[Records from a collection]
[Start of section]

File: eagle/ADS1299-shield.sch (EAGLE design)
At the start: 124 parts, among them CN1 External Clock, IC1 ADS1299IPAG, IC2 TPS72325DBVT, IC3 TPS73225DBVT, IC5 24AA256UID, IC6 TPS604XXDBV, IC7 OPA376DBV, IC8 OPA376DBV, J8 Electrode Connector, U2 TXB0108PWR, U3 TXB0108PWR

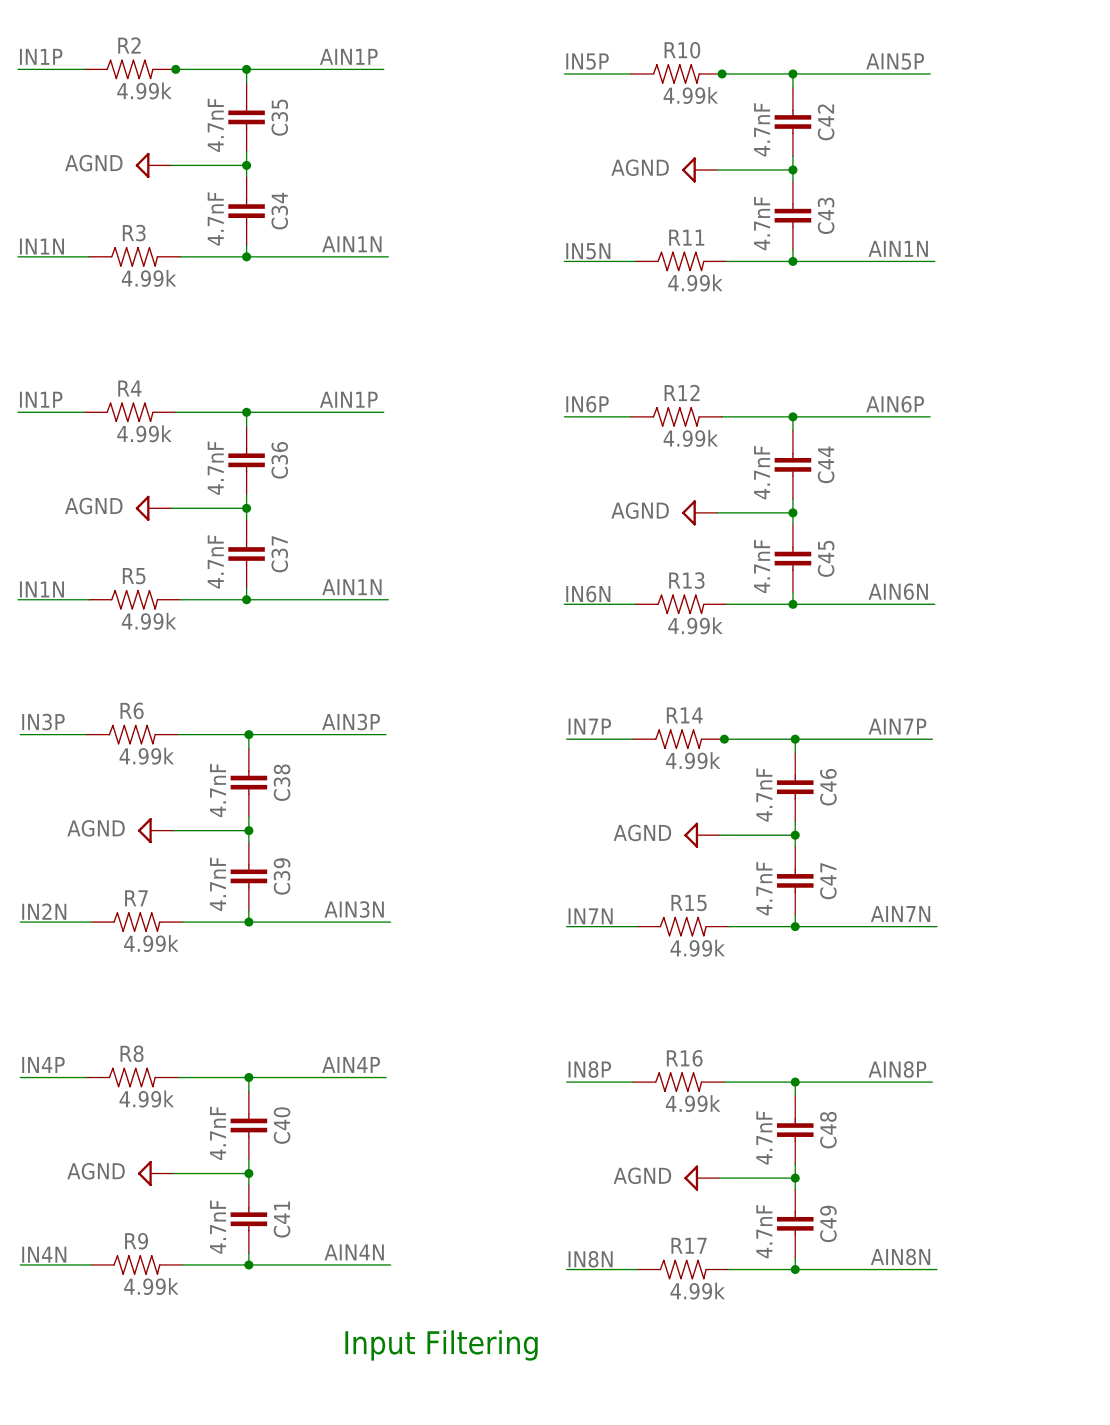
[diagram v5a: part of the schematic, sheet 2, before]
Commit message: arranged components by function - AIN filters, ADC and decoupling, power, SRB, Bias, level shifters, EEPROM
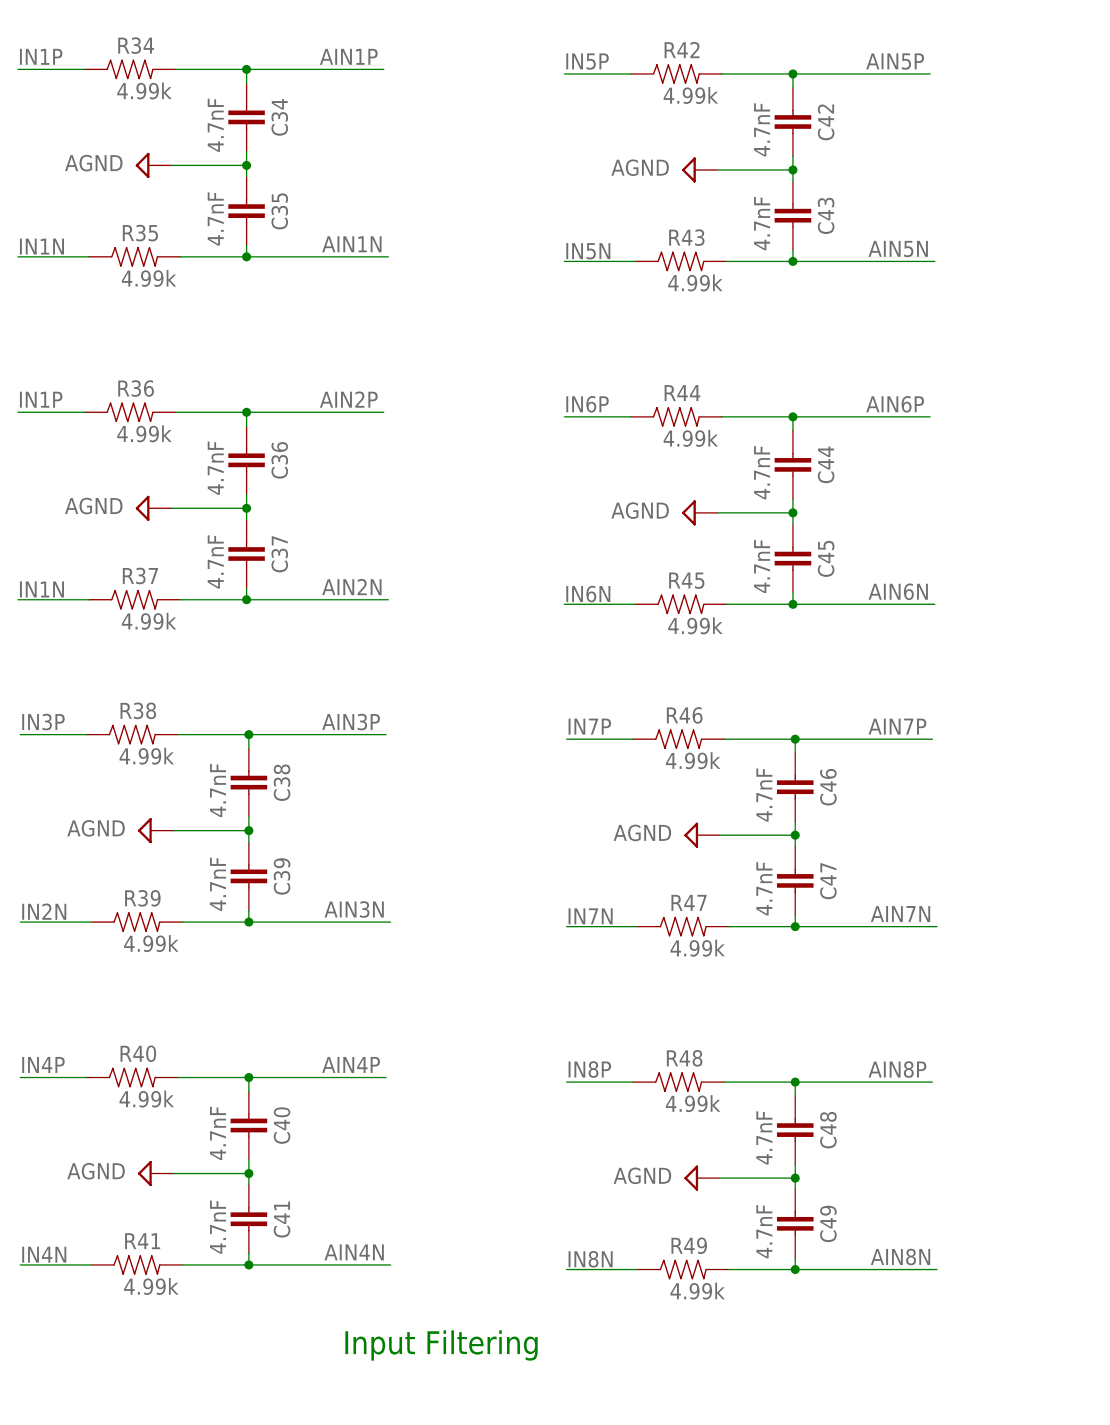
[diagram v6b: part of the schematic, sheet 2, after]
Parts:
- added U$2: FIDUCIAL, adafruit:FIDUCIAL
- renumbered R10 to R42, R11 to R43, R12 to R44, R13 to R45, R14 to R46, R15 to R47, R16 to R48, R17 to R49, R2 to R34, R3 to R35, R4 to R36, R5 to R37, R6 to R38, R7 to R39, R8 to R40, R9 to R41
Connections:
- net AGND: now also C34.2, C35.1; no longer C34.1, C35.2
- net AIN1N: now also C35.2; no longer C34.2, C37.2, C43.2, R37.2, R43.2
- net AIN1P: now also C34.1; no longer C35.1, C36.1, R36.2
- net AIN2N: now also C37.2, R37.2
- net AIN2P: now also C36.1, R36.2
- net AIN5N: now also C43.2, R43.2
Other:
- moved on the sheet: C34, C35

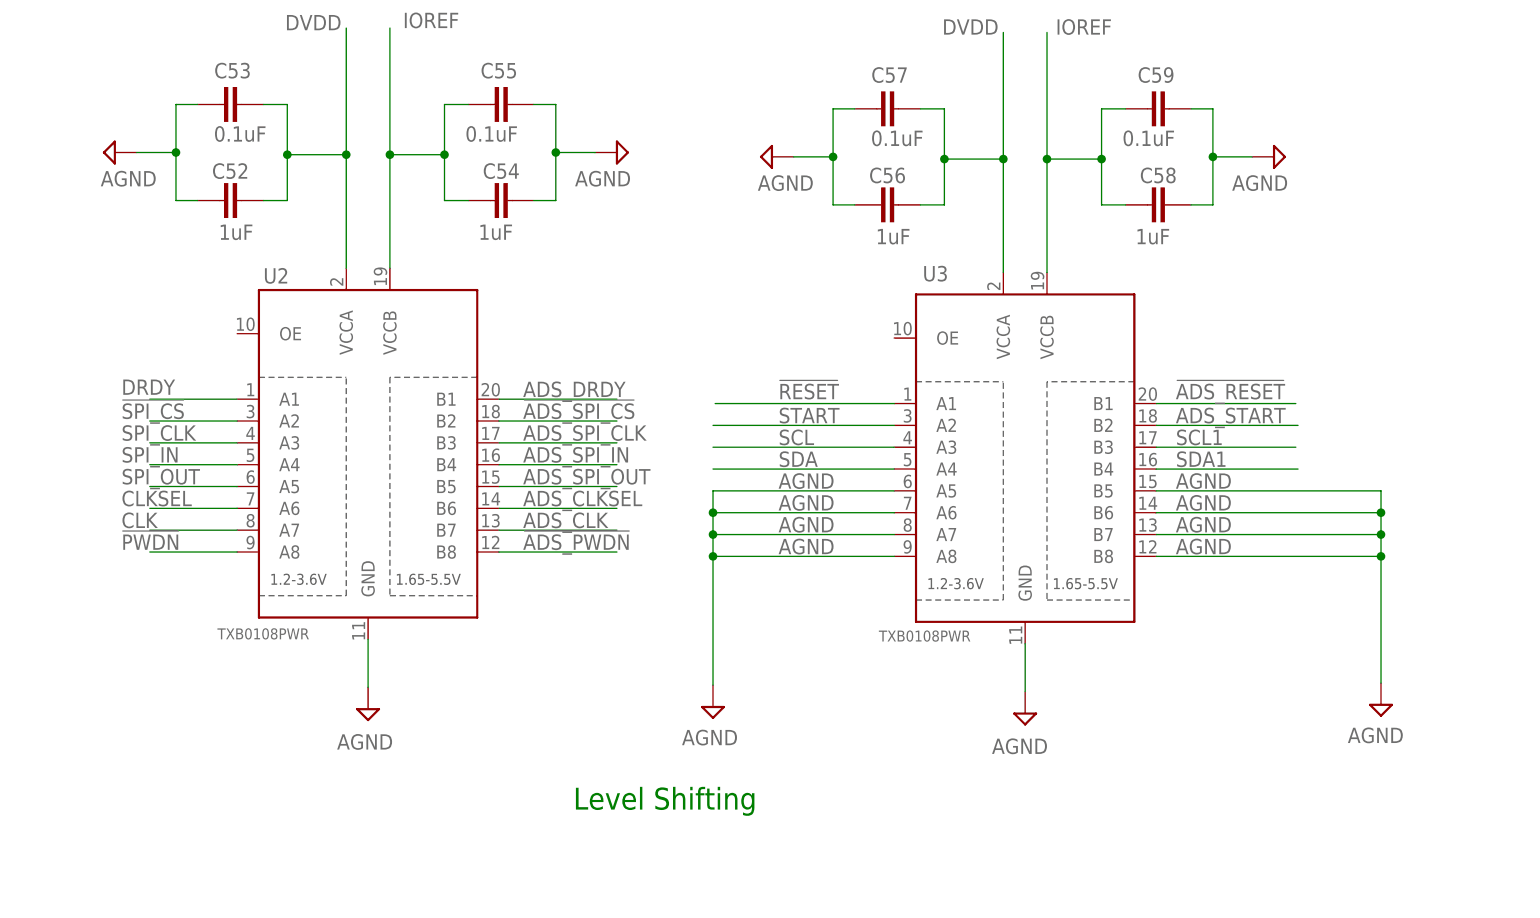
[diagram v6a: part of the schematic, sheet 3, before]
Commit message: fixed errors in AIN block; some airwires; level shifter output enable is now connected and held high
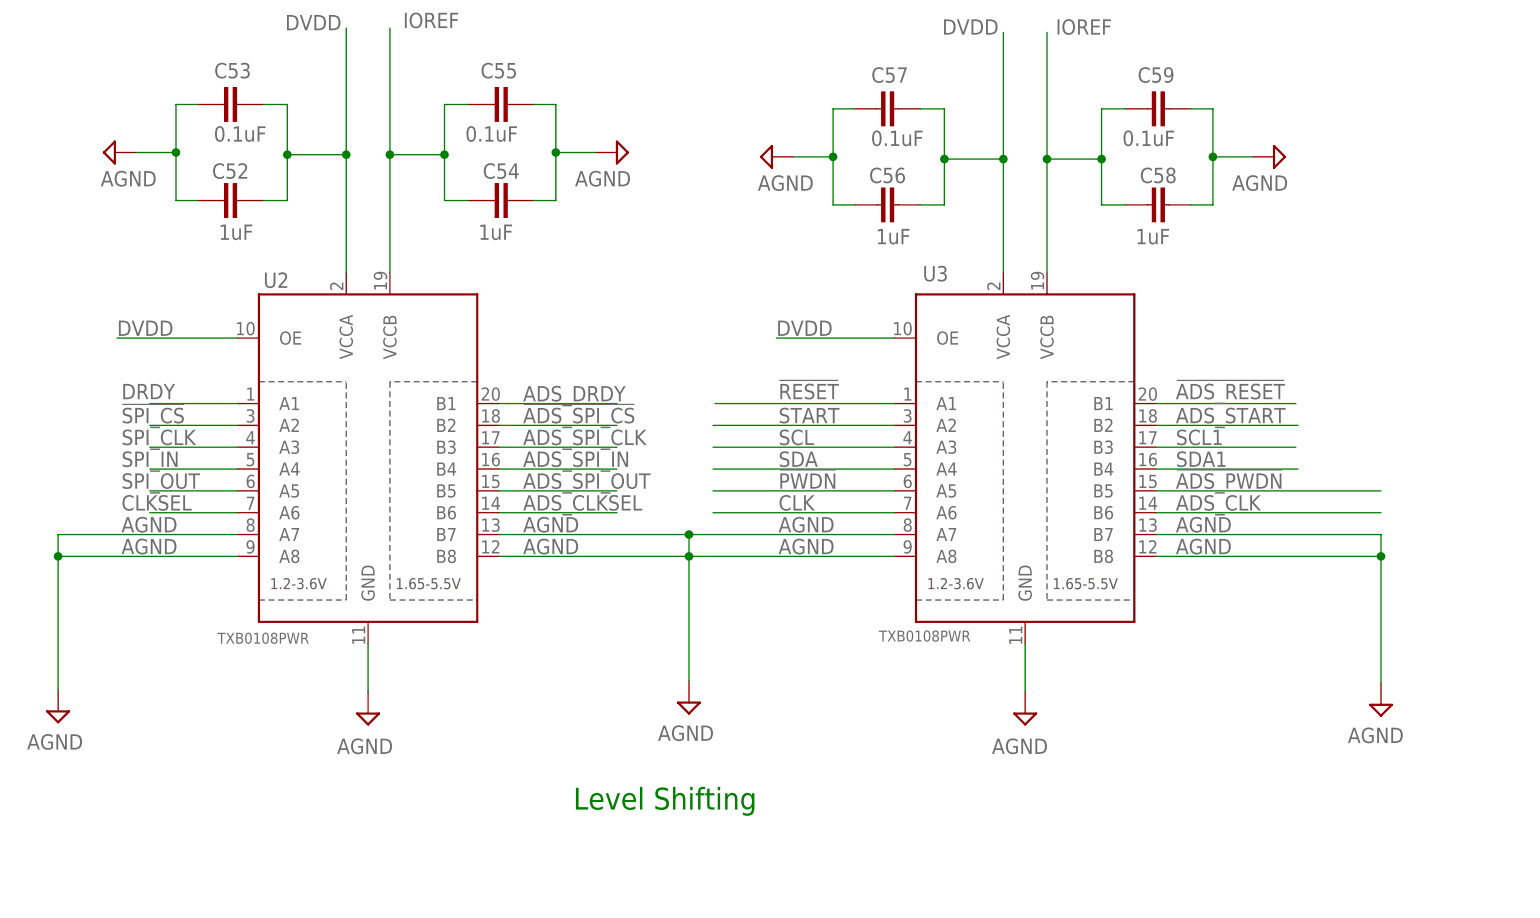
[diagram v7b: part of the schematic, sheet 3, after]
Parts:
- renumbered JP16 to TP1, JP18 to TP2
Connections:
- net !ADS_PWDN: now also U3.B5; no longer U2.B8
- net !PWDN: now also U3.A5; no longer U2.A8
- net ADS_CLK: now also U3.B6; no longer U2.B7
- net AGND: now also U2.A7, U2.A8, U2.B7, U2.B8; no longer U3.A5, U3.A6, U3.B5, U3.B6
- net CLK: now also U3.A6; no longer U2.A7
- net DVDD: now also U2.OE, U3.OE
- net IN1N: no longer R37.1
- net IN1P: no longer R36.1
- net IN2N: now also R37.1; no longer R39.1
- net IN2P: now also R36.1
- net IN3N: now also R39.1
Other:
- moved on the sheet: U2

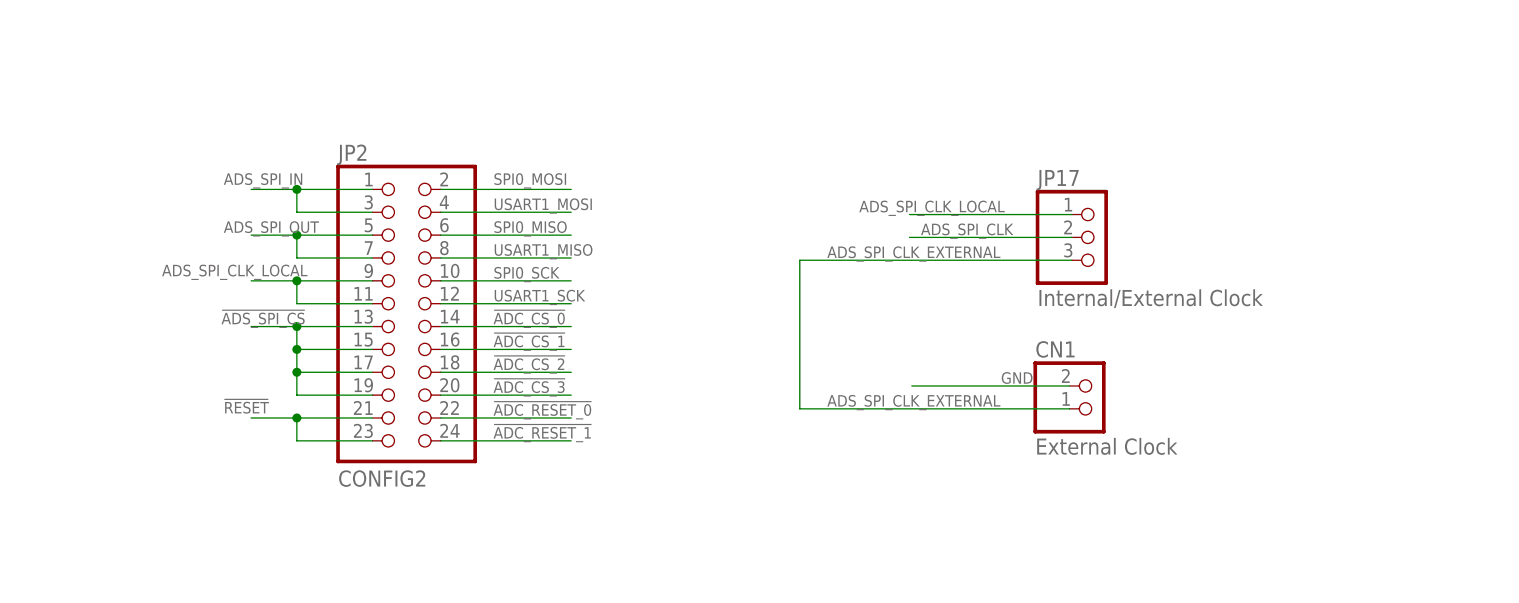
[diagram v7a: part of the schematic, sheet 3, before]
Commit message: changed sync connector to jst 3-pin to support start and clock signals; moved components to place jst connector at board left edge; made ground and power polygons
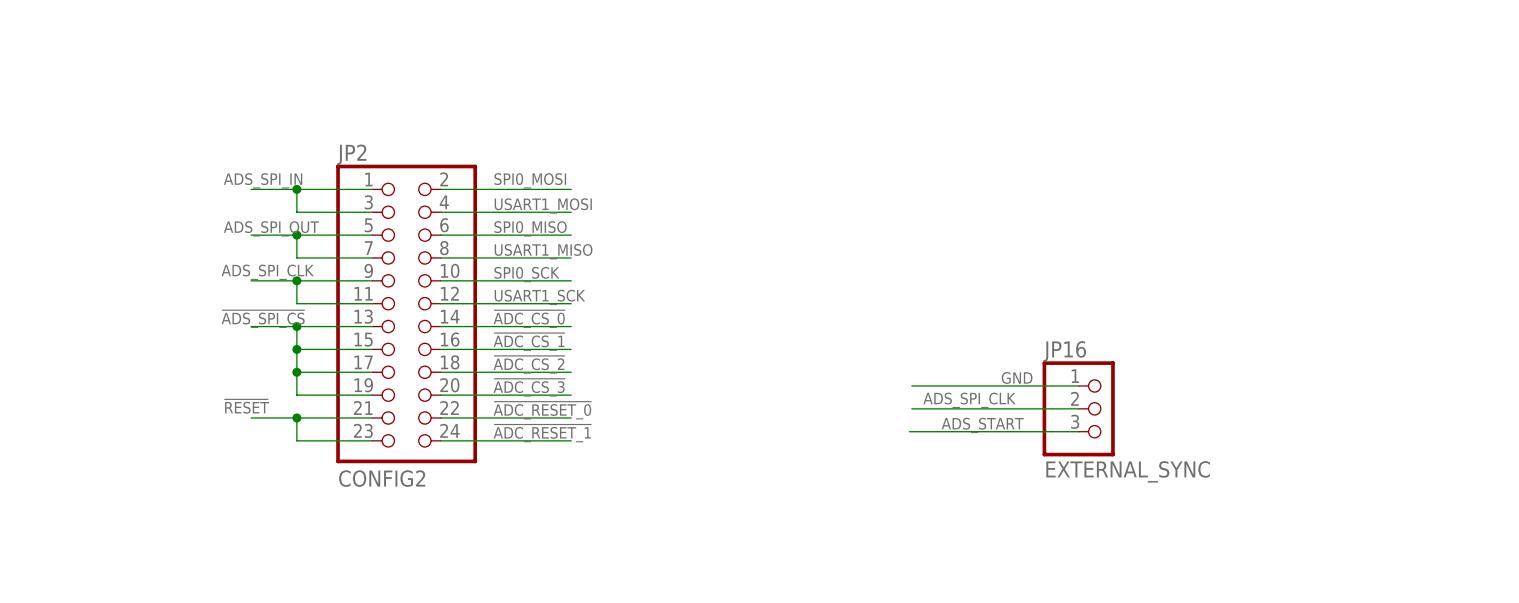
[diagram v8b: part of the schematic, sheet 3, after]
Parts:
- removed CN1: External Clock, adafruit:JST_2PIN-SMT-RA
- removed JP17: Internal/External Clock, adafruit:PINHD-1X3
- added JP16: EXTERNAL_SYNC, adafruit:JST_3PIN
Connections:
- removed net ADS_SPI_CLK_EXTERNAL: CN1.2, JP17.3
- removed net ADS_SPI_CLK_LOCAL: JP17.1, JP2.11, JP2.9
- net ADS_SPI_CLK: now also JP16.2, JP2.11, JP2.9; no longer JP17.2
- net ADS_START: now also JP16.3
- net GND: now also JP16.1; no longer CN1.1
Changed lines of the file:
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@@
 <part name="JP14" library="SmartPrj" deviceset="PINHD-1X8" device="" value="POWER"/>
 <part name="JP15" library="SmartPrj" deviceset="PINHD-2X3" device="" value="SPI"/>
-<part name="JP17" library="adafruit" deviceset="PINHD-1X3" device="" value="Internal/External Clock"/>
-<part name="CN1" library="adafruit" deviceset="JST_2PIN" device="-SMT-RA" value="External Clock"/>
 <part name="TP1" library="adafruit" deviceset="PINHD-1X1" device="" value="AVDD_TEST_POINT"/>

[End of section]

◆ Assignment ◆
Give the records above again verbatim, pictures omitted.

◆ Expected output ◆
File: eagle/ADS1299-shield.sch (EAGLE design)
At the start: 124 parts, among them CN1 External Clock, IC1 ADS1299IPAG, IC2 TPS72325DBVT, IC3 TPS73225DBVT, IC5 24AA256UID, IC6 TPS604XXDBV, IC7 OPA376DBV, IC8 OPA376DBV, J8 Electrode Connector, U2 TXB0108PWR, U3 TXB0108PWR

[diagram v5a: part of the schematic, sheet 2, before]
Commit message: arranged components by function - AIN filters, ADC and decoupling, power, SRB, Bias, level shifters, EEPROM
[diagram v6b: part of the schematic, sheet 2, after]
Parts:
- added U$2: FIDUCIAL, adafruit:FIDUCIAL
- renumbered R10 to R42, R11 to R43, R12 to R44, R13 to R45, R14 to R46, R15 to R47, R16 to R48, R17 to R49, R2 to R34, R3 to R35, R4 to R36, R5 to R37, R6 to R38, R7 to R39, R8 to R40, R9 to R41
Connections:
- net AGND: now also C34.2, C35.1; no longer C34.1, C35.2
- net AIN1N: now also C35.2; no longer C34.2, C37.2, C43.2, R37.2, R43.2
- net AIN1P: now also C34.1; no longer C35.1, C36.1, R36.2
- net AIN2N: now also C37.2, R37.2
- net AIN2P: now also C36.1, R36.2
- net AIN5N: now also C43.2, R43.2
Other:
- moved on the sheet: C34, C35

[diagram v6a: part of the schematic, sheet 3, before]
Commit message: fixed errors in AIN block; some airwires; level shifter output enable is now connected and held high
[diagram v7b: part of the schematic, sheet 3, after]
Parts:
- renumbered JP16 to TP1, JP18 to TP2
Connections:
- net !ADS_PWDN: now also U3.B5; no longer U2.B8
- net !PWDN: now also U3.A5; no longer U2.A8
- net ADS_CLK: now also U3.B6; no longer U2.B7
- net AGND: now also U2.A7, U2.A8, U2.B7, U2.B8; no longer U3.A5, U3.A6, U3.B5, U3.B6
- net CLK: now also U3.A6; no longer U2.A7
- net DVDD: now also U2.OE, U3.OE
- net IN1N: no longer R37.1
- net IN1P: no longer R36.1
- net IN2N: now also R37.1; no longer R39.1
- net IN2P: now also R36.1
- net IN3N: now also R39.1
Other:
- moved on the sheet: U2

[diagram v7a: part of the schematic, sheet 3, before]
Commit message: changed sync connector to jst 3-pin to support start and clock signals; moved components to place jst connector at board left edge; made ground and power polygons
[diagram v8b: part of the schematic, sheet 3, after]
Parts:
- removed CN1: External Clock, adafruit:JST_2PIN-SMT-RA
- removed JP17: Internal/External Clock, adafruit:PINHD-1X3
- added JP16: EXTERNAL_SYNC, adafruit:JST_3PIN
Connections:
- removed net ADS_SPI_CLK_EXTERNAL: CN1.2, JP17.3
- removed net ADS_SPI_CLK_LOCAL: JP17.1, JP2.11, JP2.9
- net ADS_SPI_CLK: now also JP16.2, JP2.11, JP2.9; no longer JP17.2
- net ADS_START: now also JP16.3
- net GND: now also JP16.1; no longer CN1.1
Changed lines of the file:
@@
 <part name="JP14" library="SmartPrj" deviceset="PINHD-1X8" device="" value="POWER"/>
 <part name="JP15" library="SmartPrj" deviceset="PINHD-2X3" device="" value="SPI"/>
-<part name="JP17" library="adafruit" deviceset="PINHD-1X3" device="" value="Internal/External Clock"/>
-<part name="CN1" library="adafruit" deviceset="JST_2PIN" device="-SMT-RA" value="External Clock"/>
 <part name="TP1" library="adafruit" deviceset="PINHD-1X1" device="" value="AVDD_TEST_POINT"/>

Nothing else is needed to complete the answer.